Изменить размер шрифта - +
Новым было то, что, замолкая, отец больше не отдалялся от нее, а улыбался странной, особенной улыбкой, от которой у нее сжималось сердце. Казалось, он собирается с силами, чтобы сделать ей приятное.

И еще: он терял память. Ничего особенно важного, но когда дело доходило до мелочей вроде... вроде Мишки‑Оборванца, например. Как он мог забыть свой смешной каламбур, доставивший столько радости маленькой девочке? Лин обычно раздражала в отце как раз его необычайная память па детали – он вспоминал то, о чем не хотелось бы слышать снова. Все это было очень странно.

И все же, несмотря ни на что, она была рада, что он предложил ей пойти вместе с ним в университет и поговорить с человеком, имя которого она так и не смогла произнести. Предложение было довольно нерешительным.

– Зачем ты хочешь встретиться с ним? – спросила она.

– Нужно выяснить одну вещь, связанную с моим отцом.

– Твой отец... но это же мой дед! Конечно, я иду с тобой.

Странно иметь деда с таким именем: Ханну Меррикен. Лин сидела перед зеркалом и рассматривала себя, в очередной раз убеждаясь, что все в полном порядке. "Не такая уж я и уродина, – подумала она, изучая серые глаза и прямые черные брови. – Рот великоват, конечно. Ладно, сойдет".

Захлопнув сумочку, она направилась к двери гостиной, где сидел отец. Внезапно она остановилась. "О чем я думаю? Это же мой отец, а не..." Она отмахнулась от не успевшей оформиться мысли и открыла дверь.

Профессор Кааринен оказался бодрым круглолицым человеком лет шестидесяти на вид, вовсе не похожим на высохшего старика, которого Лин нарисовала в своем воображении. Он поднялся из‑за стола навстречу Денисону и горячо заговорил по‑фински. Денисон протестующе поднял руку.

– Извините. Я не говорю по‑фински.

Брови Кааринена поползли па лоб.

– Забавно! – произнес он по‑английски.

Денисон пожал плечами.

– Что в этом странного? Я уехал из страны, когда мне было семнадцать. Из них пятнадцать лет я говорил по‑фински, а затем в течение почти тридцати лет не имел такой возможности, – он улыбнулся. – Можно сказать, у меня атрофировался финноязычный мускул.

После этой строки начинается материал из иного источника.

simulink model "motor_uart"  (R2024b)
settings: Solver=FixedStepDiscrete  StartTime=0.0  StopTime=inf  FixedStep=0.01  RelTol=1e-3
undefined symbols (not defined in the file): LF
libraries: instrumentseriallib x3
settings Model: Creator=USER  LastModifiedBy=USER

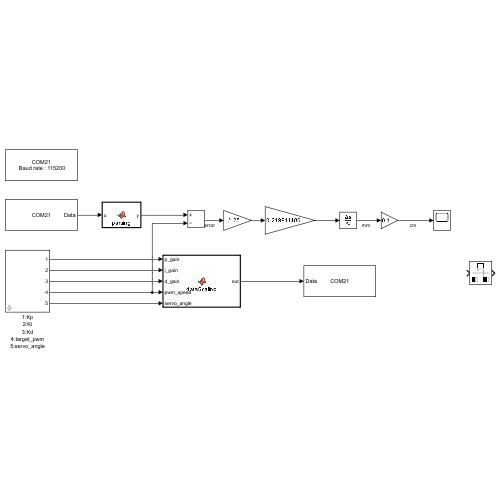
[thumbnail: Simulink's stored preview of the top-level diagram]
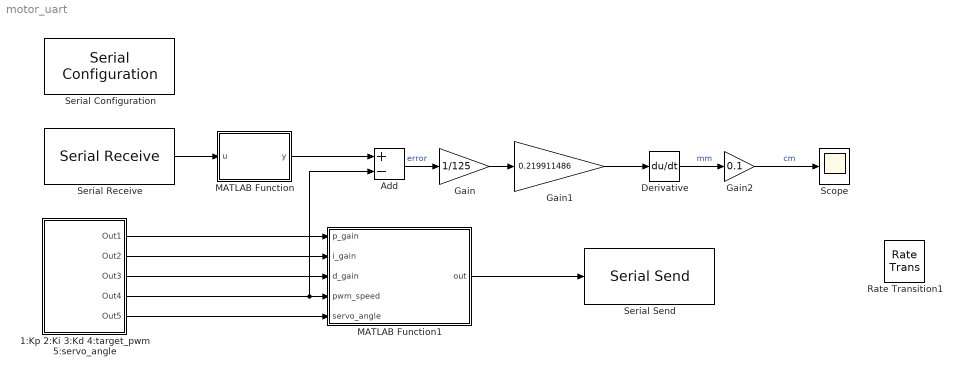
== system motor_uart ==
  1:Kp 2:Ki 3:Kd 4:target_pwm 5:servo_angle : Subsystem  mask{P_gain=1.55, I_gain=2.65, D_gain=0.001, PWM_speed=0, Servo_angle=0}
      mask prompts: P_gain "P gain"; I_gain "I gain"; D_gain "D gain"; PWM_speed "PWM Speed"; Servo_angle "Servo Angle"
      mask DialogControl ParameterGroupVar Prompt: 파라미터
  Add : Sum  Inputs=+-
  Derivative : Derivative
  Gain : Gain  Gain=1/125
  Gain1 : Gain  Gain=0.219911486
  Gain2 : Gain  Gain=0.1
  MATLAB Function : MATLAB Function  TreatAsAtomicUnit=on
  MATLAB Function1 : MATLAB Function  TreatAsAtomicUnit=on
  Rate Transition1 : RateTransition  Integrity=off  OutPortSampleTime=0.5
  Scope : Scope
  Serial Configuration : instrumentseriallib/Serial Configuration  Priority=-200000  PortSel=COM21  Port=COM21  ComPort=COM21  BaudRate=115200  DataBits=8  Parity=none  StopBits=1  ByteOrder=big-endian  FlowControl=none  Timeout=1  SimulateUsing=Interpreted execution  BlockInModel=on  aMode=1
  Serial Receive : instrumentseriallib/Serial Receive  Priority=1  PortSel=COM21  Port=COM21  ComPort=COM21  DataType=uint8  SaveDataType=uint8  ToggleHeader=off  Header=[]  ToggleDataSize=on  DataSize=[1 5]  ToggleTerminator=on  Terminator=LF ('\n')  CustomTerminator=[]  InputFormat=Column major  EnableBlockingMode=on  ActionDataUnavailable=Output last received value  ActionWhenDataUnavailable=Output last received value  CustomValue=0  SampleTime=0.01  SimulateUsing=Interpreted execution  BlockInModel=on  aMode=1
  Serial Send : instrumentseriallib/Serial Send  Priority=1  PortSel=COM21  Port=COM21  ComPort=COM21  Header=[]  Terminator=<none>  CustomTerminator=[]  EnableBlockingMode=on  SimulateUsing=Interpreted execution  BlockInModel=on  aMode=1
  wires:
  Serial Receive/1 -> MATLAB Function/1(u)
  1:Kp 2:Ki 3:Kd 4:target_pwm 5:servo_angle/4(Out4) -> Add/2, MATLAB Function1/4(pwm_speed)
  1:Kp 2:Ki 3:Kd 4:target_pwm 5:servo_angle/1(Out1) -> MATLAB Function1/1(p_gain)
  1:Kp 2:Ki 3:Kd 4:target_pwm 5:servo_angle/2(Out2) -> MATLAB Function1/2(i_gain)
  1:Kp 2:Ki 3:Kd 4:target_pwm 5:servo_angle/3(Out3) -> MATLAB Function1/3(d_gain)
  MATLAB Function1/1(out) -> Serial Send/1
  1:Kp 2:Ki 3:Kd 4:target_pwm 5:servo_angle/5(Out5) -> MATLAB Function1/5(servo_angle)
  MATLAB Function/1(y) -> Add/1
  Add/1 -> Gain/1  "error"
  Gain/1 -> Gain1/1
  Gain1/1 -> Derivative/1
  Derivative/1 -> Gain2/1  "mm"
  Gain2/1 -> Scope/1  "cm"

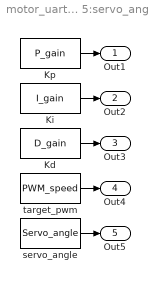
== system motor_uart/1:Kp 2:Ki 3:Kd 4:target_pwm 5:servo_angle ==
  Kd : Constant  Value=D_gain
  Ki : Constant  Value=I_gain
  Kp : Constant  Value=P_gain
  servo_angle : Constant  Value=Servo_angle
  target_pwm : Constant  Value=PWM_speed
  Out1 : Outport
  Out2 : Outport  Port=2
  Out3 : Outport  Port=3
  Out4 : Outport  Port=4
  Out5 : Outport  Port=5
  wires:
  Kd/1 -> Out3/1
  Kp/1 -> Out1/1
  Ki/1 -> Out2/1
  target_pwm/1 -> Out4/1
  servo_angle/1 -> Out5/1

== matlab function motor_uart/MATLAB Function1 ==
  data: p_gain input; out output; i_gain input; d_gain input; pwm_speed input; servo_angle input
function out = dataScaling(p_gain, i_gain, d_gain, pwm_speed, servo_angle)
    % 데이터 스케일링
    p_uint16 = uint16(p_gain * 1000);
    i_uint16 = uint16(i_gain * 1000);
    d_uint16 = uint16(d_gain * 1000);
    pwm_uint16 = uint16(pwm_speed + 5000);
    servo_uint8 = uint8(servo_angle + 50);

    % 각 uint16 값을 상위/하위 바이트로 분리
    p_high = uint8(bitshift(p_uint16, -8));
    p_low = uint8(bitand(p_uint16, 255));
    
    i_high = uint8(bitshift(i_uint16, -8));
    i_low = uint8(bitand(i_uint16, 255));
    
    d_high = uint8(bitshift(d_uint16, -8));
    d_low = uint8(bitand(d_uint16, 255));
    
    pwm_high = uint8(bitshift(pwm_uint16, -8));
    pwm_low = uint8(bitand(pwm_uint16, 255));
    
    % 전송할 순서대로 바이트 배열 구성
    out = [p_high; p_low; i_high; i_low; d_high; d_low; pwm_high; pwm_low; servo_uint8;];
end

== matlab function motor_uart/MATLAB Function ==
  data: u input; y output
function y = parsing(u)
    u_double = double(u);

    digits = u_double - 48;
    n = length(digits);

    data = 0;
    for a=0:(n - 2)
        data = data + digits(n - a - 1) * power(10, a);
    end

    if (digits(5) == (uint8('m') - 48))
        data = -data;
    end


    y = data;
end
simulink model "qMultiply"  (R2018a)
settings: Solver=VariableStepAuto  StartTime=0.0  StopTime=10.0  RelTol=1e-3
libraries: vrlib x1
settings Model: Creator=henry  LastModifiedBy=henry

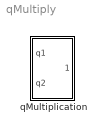
== system qMultiply ==
  qMultiplication : Subsystem  mask(Quaternion Multiplication){}
      mask help: This block performs the quaternion multiplication given two input quaternions.

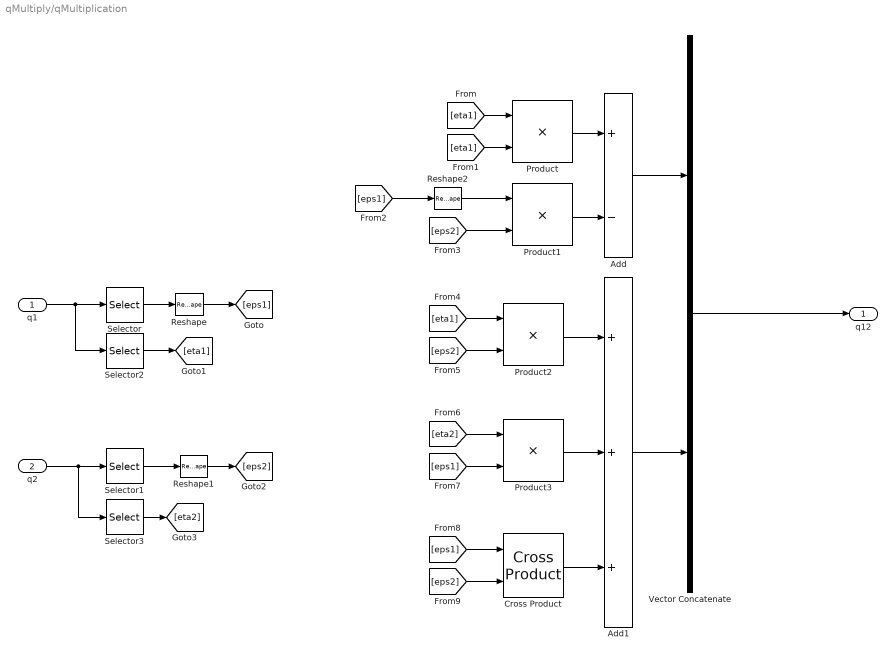
== system qMultiply/qMultiplication ==
  q1 : Inport
  q2 : Inport  Port=2
  Add : Sum  Inputs=+-
  Add1 : Sum  Inputs=+++
  Cross Product : vrlib/Utilities/Cross Product
      settings: SourceProductBaseCode=VR
  Product{,1..3} (4 alike) : Product
  Reshape : Reshape
  Reshape1 : Reshape
  Reshape2 : Reshape
  Selector : Selector  InputPortWidth=4  IndexOptions=Index vector (dialog)  Indices=[1:3]  OutputSizes=1
  Selector1 : Selector  InputPortWidth=4  IndexOptions=Index vector (dialog)  Indices=[1:3]  OutputSizes=1
  Selector2 : Selector  InputPortWidth=4  IndexOptions=Index vector (dialog)  Indices=4  OutputSizes=1
  Selector3 : Selector  InputPortWidth=4  IndexOptions=Index vector (dialog)  Indices=4  OutputSizes=1
  Vector Concatenate : Concatenate
  q12 : Outport
  wires:
  Selector3/1 -> [eta2]
  Product2/1 -> Add1/1
  Product/1 -> Add/1
  [eta1] -> Product2/1
  [eta1] -> Product/2
  Selector1/1 -> Reshape1/1
  Product3/1 -> Add1/2
  q1/1 -> Selector2/1, Selector/1
  Reshape2/1 -> Product1/1
  Selector2/1 -> [eta1]
  Reshape1/1 -> [eps2]
  Add/1 -> Vector Concatenate/1
  Cross Product/1 -> Add1/3
  [eps1] -> Reshape2/1
  q2/1 -> Selector3/1, Selector1/1
  [eta2] -> Product3/1
  [eta1] -> Product/1
  Vector Concatenate/1 -> q12/1
  Add1/1 -> Vector Concatenate/2
  Selector/1 -> Reshape/1
  [eps2] -> Product2/2
  [eps1] -> Product3/2
  Reshape/1 -> [eps1]
  [eps2] -> Cross Product/2
  Product1/1 -> Add/2
  [eps1] -> Cross Product/1
  [eps2] -> Product1/2
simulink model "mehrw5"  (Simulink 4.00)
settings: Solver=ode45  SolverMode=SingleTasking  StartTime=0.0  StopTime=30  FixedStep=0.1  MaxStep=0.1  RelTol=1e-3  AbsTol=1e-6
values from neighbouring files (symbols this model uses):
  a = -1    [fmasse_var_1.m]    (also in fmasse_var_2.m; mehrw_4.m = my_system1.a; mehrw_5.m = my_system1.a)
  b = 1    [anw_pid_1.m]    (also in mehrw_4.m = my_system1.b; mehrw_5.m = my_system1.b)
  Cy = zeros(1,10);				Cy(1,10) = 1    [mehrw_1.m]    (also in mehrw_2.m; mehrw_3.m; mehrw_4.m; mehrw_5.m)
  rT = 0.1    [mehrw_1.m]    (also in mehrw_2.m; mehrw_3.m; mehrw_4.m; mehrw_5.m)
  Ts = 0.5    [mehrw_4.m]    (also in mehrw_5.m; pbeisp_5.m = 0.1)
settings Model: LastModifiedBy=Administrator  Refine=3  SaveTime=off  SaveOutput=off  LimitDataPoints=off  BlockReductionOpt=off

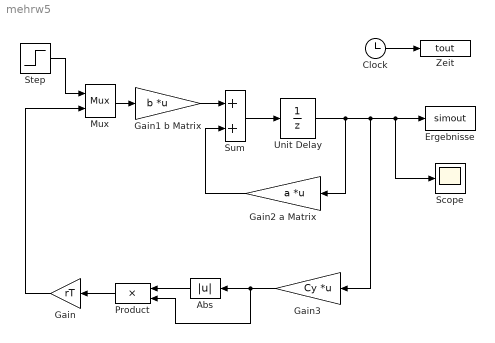
== system mehrw5 ==
  Abs : Abs  Orientation=left  SaturateOnIntegerOverflow=on
  Clock : Clock
      settings: DisplayTime=off  Decimation=10
  Ergebnisse : ToWorkspace  VariableName=simout  SampleTime=0  SaveFormat=Array
      settings: MaxDataPoints=1000
  Gain : Gain  Orientation=left  Gain=rT  Multiplication=Element-wise(K.*u)  SaturateOnIntegerOverflow=on
  Gain1 b Matrix : Gain  Gain=b  Multiplication=Matrix(K*u)  SaturateOnIntegerOverflow=on
  Gain2 a Matrix : Gain  Orientation=left  Gain=a  Multiplication=Matrix(K*u)  SaturateOnIntegerOverflow=on
  Gain3 : Gain  Orientation=left  Gain=Cy  Multiplication=Matrix(K*u)  SaturateOnIntegerOverflow=on
  Mux : Mux  Inputs=2
      settings: DisplayOption=none
  Product : Product  Orientation=left  Inputs=2  Multiplication=Element-wise(.*)  SaturateOnIntegerOverflow=on
  Scope : Scope
      settings: TickLabels=on  TimeRange=30  YMin=-41.6038  YMax=41.6038  SaveToWorkspace=off  SaveName=ScopeData  DataFormat=Array  LimitDataPoints=on  MaxDataPoints=5000
  Step : Step  Time=0  Before=0  After=1  SampleTime=Ts
  Sum : Sum  Inputs=++  SaturateOnIntegerOverflow=on
  Unit Delay : UnitDelay  X0=0  SampleTime=Ts
  Zeit : ToWorkspace  VariableName=tout  SampleTime=0  SaveFormat=Array
      settings: MaxDataPoints=1000
  wires:
  Gain3/1 -> Product/2, Abs/1
  Product/1 -> Gain/1
  Gain/1 -> Mux/2
  Abs/1 -> Product/1
  Step/1 -> Mux/1
  Mux/1 -> Gain1 b Matrix/1
  Clock/1 -> Zeit/1
  Unit Delay/1 -> Gain2 a Matrix/1, Ergebnisse/1, Scope/1, Gain3/1
  Gain1 b Matrix/1 -> Sum/1
  Sum/1 -> Unit Delay/1
  Gain2 a Matrix/1 -> Sum/2
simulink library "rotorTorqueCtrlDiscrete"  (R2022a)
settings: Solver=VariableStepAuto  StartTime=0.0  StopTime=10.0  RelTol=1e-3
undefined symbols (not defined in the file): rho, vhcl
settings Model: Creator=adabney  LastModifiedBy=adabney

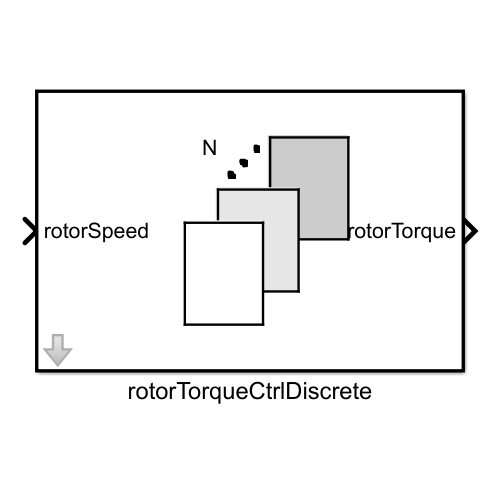
[thumbnail: Simulink's stored preview of the top-level diagram]
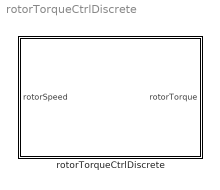
== system rotorTorqueCtrlDiscrete ==
  rotorTorqueCtrlDiscrete : Subsystem  TreatAsAtomicUnit=on  mask{turb_struct=vhcl.struct('OCT.turb'), rho=rho}
      mask prompts: turb_struct "Turbine Structures"; rho "Fluid Density"

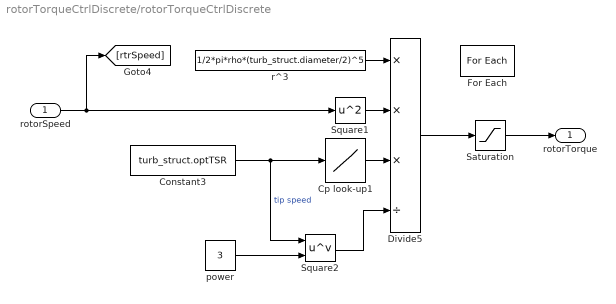
== system rotorTorqueCtrlDiscrete/rotorTorqueCtrlDiscrete ==
  rotorSpeed : Inport  Partition=on  PartitionDimension=1  PartitionWidth=1  PartitionOffset=0
  Constant3 : Constant  Value=turb_struct.optTSR
  Cp look-up1 : Lookup_n-D  NumberOfTableDimensions=1  BreakpointsForDimension1=turb_struct.RPMref  Table=turb_struct.CpLookup  InternalRulePriority=Speed  RndMeth=Simplest
  Divide5 : Product  Inputs=***/
  For Each : ForEach  DisableCoverage=on  IterateSubsysMaskParameter=on,off  SubsysMaskParameterIterationDimension=2,1  SubsysMaskParameterIterationStepSize=1,1
  Saturation : Saturate  UpperLimit=42  LowerLimit=-42
  Square1 : Math  Operator=square
  Square2 : Math  Operator=pow
  power : Constant  Value=3
  r^3 : Constant  Value=1/2*pi*rho*(turb_struct.diameter/2)^5
  rotorTorque : Outport  ConcatenationDimension=1
  wires:
  power/1 -> Square2/2
  Cp look-up1/1 -> Divide5/3
  Square1/1 -> Divide5/2
  Square2/1 -> Divide5/4
  r^3/1 -> Divide5/1
  Constant3/1 -> Square2/1, Cp look-up1/1  "tip speed"
  rotorSpeed/1 -> [rtrSpeed], Square1/1
  Saturation/1 -> rotorTorque/1
  Divide5/1 -> Saturation/1
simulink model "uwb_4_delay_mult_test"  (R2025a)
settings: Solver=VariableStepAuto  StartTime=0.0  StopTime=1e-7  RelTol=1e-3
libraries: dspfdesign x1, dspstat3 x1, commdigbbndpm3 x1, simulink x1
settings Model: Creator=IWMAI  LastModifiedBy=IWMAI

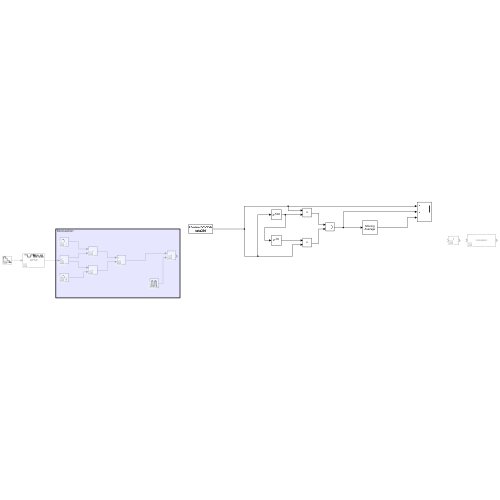
[thumbnail: Simulink's stored preview of the top-level diagram]
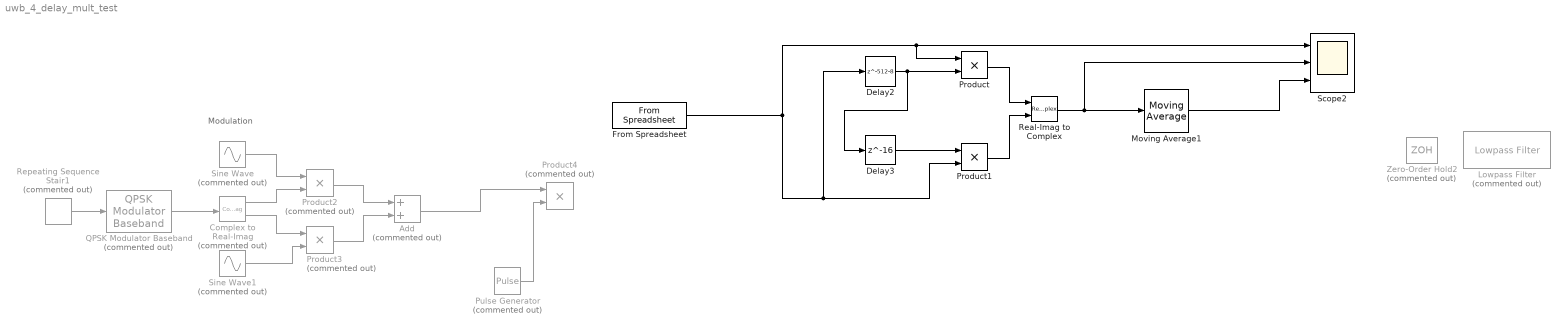
== system uwb_4_delay_mult_test ==
  note: Modulation
  Add : Sum  Commented=on
  Complex to Real-Imag : ComplexToRealImag  Commented=on
  Delay2 : Delay  DelayLength=512-8
  Delay3 : Delay  DelayLength=16
  From Spreadsheet : FromSpreadsheet  FileName=C:\Users\IWMAI\University of Toronto\Yu Huang - Summer-2025-sharted\Yongkang\v3_250617\csv\data256.csv  SheetName=data256  SampleTime=1/256e9
  Lowpass Filter : dspfdesign/Lowpass Filter  Commented=on  FilterType=FIR  DesignForMinimumOrder=on  FilterOrder=50  PassbandFrequency=1/128  StopbandFrequency=1/64  PassbandRipple=0.1  StopbandAttenuation=80  SampleRateMode=Use normalized frequency (0 to 1)  SampleRate=44100  SimulateUsing=Interpreted execution  roundingMode=Floor  coeffsDataTypeStr=fixdt(1,16)
  Moving Average1 : dspstat3/Moving Average  Method=Sliding window  ForgettingFactorPort=off  SpecifyWindowLength=on  WindowLength=256  OverlapLength=255  AllowArbitraryInputLength=off  ForgettingFactor=0.9  SimulateUsing=Interpreted execution
  Product : Product
  Product1 : Product
  Product2 : Product  Commented=on
  Product3 : Product  Commented=on
  Product4 : Product  Commented=on
  Pulse Generator : DiscretePulseGenerator  Commented=on  PulseType=Time based  Period=1/500e6  PulseWidth=37.5  PhaseDelay=1/256e9  SampleTime=0.000001
  QPSK Modulator Baseband : commdigbbndpm3/QPSK Modulator Baseband  Commented=on  InType=Integer  Enc=Binary  Ph=pi/4  outDtype=double  outWordLen=16  outUDDataType=sfix(16)  outFracLenMode=Best precision  outFracLen=15  outDataTypeStr=double  outLastDataTypeStr=double
      settings: LibrarySourceBlock=|
      | commhdldigbbndpm/QPSK
      | Modulator
      | Baseband
  Real-Imag to Complex : RealImagToComplex
  Repeating Sequence Stair1 : simulink/Sources/Repeating Sequence Stair  Commented=on  OutValues=[3 3 2 2 1 1 0 0].'  tsamp=1/500e6  OutMin=[]  OutMax=[]  OutDataTypeStr=double  OutputDataTypeScalingMode=double  OutDataType=fixdt(0,8)  ConRadixGroup=Best Precision: Vector-wise  OutScaling=2^-12
  Scope2 : Scope  NumInputPorts=3
      settings: ActiveDisplayYMinimum=-0.17970731877378929  ActiveDisplayYMaximum=0.16923044358029937  DataLoggingVariableName=ScopeData2
  Sine Wave : Sin  Commented=on  Frequency=2*pi*4e9  Phase=pi/2  SampleTime=1/256e9
  Sine Wave1 : Sin  Commented=on  Frequency=2*pi*4e9  SampleTime=1/256e9
  Zero-Order Hold2 : ZeroOrderHold  Commented=on  SampleTime=-1
  wires:
  Delay2/1 -> Delay3/1, Product/2
  Delay3/1 -> Product1/1
  Product/1 -> Real-Imag to Complex/1
  Product1/1 -> Real-Imag to Complex/2
  Real-Imag to Complex/1 -> Moving Average1/1, Scope2/2
  Moving Average1/1 -> Scope2/3
  Pulse Generator/1 -> Product4/2
  Complex to Real-Imag/2 -> Product3/1
  Product3/1 -> Add/2
  Sine Wave1/1 -> Product3/2
  Add/1 -> Product4/1
  Complex to Real-Imag/1 -> Product2/2
  Product2/1 -> Add/1
  Sine Wave/1 -> Product2/1
  Repeating Sequence Stair1/1 -> QPSK Modulator Baseband/1
  From Spreadsheet/1 -> Delay2/1, Product1/2, Product/1, Scope2/1
  QPSK Modulator Baseband/1 -> Complex to Real-Imag/1

Кааринен понимающе кивнул.

– Да, да. Когда‑то я свободно владел немецким, а что теперь? – он развел руками. – Итак, вы сын Ханну Меррикена.

– Разрешите представить вам мою дочь, Лин.

Кааринен протянул руку.

– Внучка Ханну? О, это большая честь для меня. Садитесь, пожалуйста. Не желаете кофе?

– Спасибо, с удовольствием!

Кааринен подошел к двери и поговорил с девушкой, сидевшей в соседнем кабинете, а затем вернулся обратно.

– Ваш отец был великим человеком, доктор... э‑э‑э... Мейрик, – сказал он.

Денисон кивнул.

– Да, я вернулся к традиционному английскому написанию нашей фамилии.

Профессор рассмеялся.

– Я хорошо помню, как Ханну рассказывал мне историю своего рода. В его изложении она звучала так романтично... Каким же ветром вас занесло к нам в Финляндию?

– Сам не вполне понимаю, – осторожно сказал Денисон. – Возможно, просто потребность посмотреть на родные места. Запоздалая тоска по дому, так сказать.

– Понимаю, – сказал Кааринен. – Вы пришли ко мне, потому что хотели что‑то узнать о своем отце?

– Насколько я знаю, перед войной вы работали вместе с ним.

– Да, и я с гордостью вспоминаю об этом. Ваш отец был не только великим исследователем, но и великим учителем. Но я отнюдь не единственный его ученик. Нас было четверо – наверное, вы сами помните.

– Я был очень молод, – заметил Денисон. – ...Воспоминания скорее относятся к детству, чем к юношеству.

– Готов побиться об заклад, что вы меня не узнали, – Кааринен сверкнул глазами и похлопал себя по объемистому животу.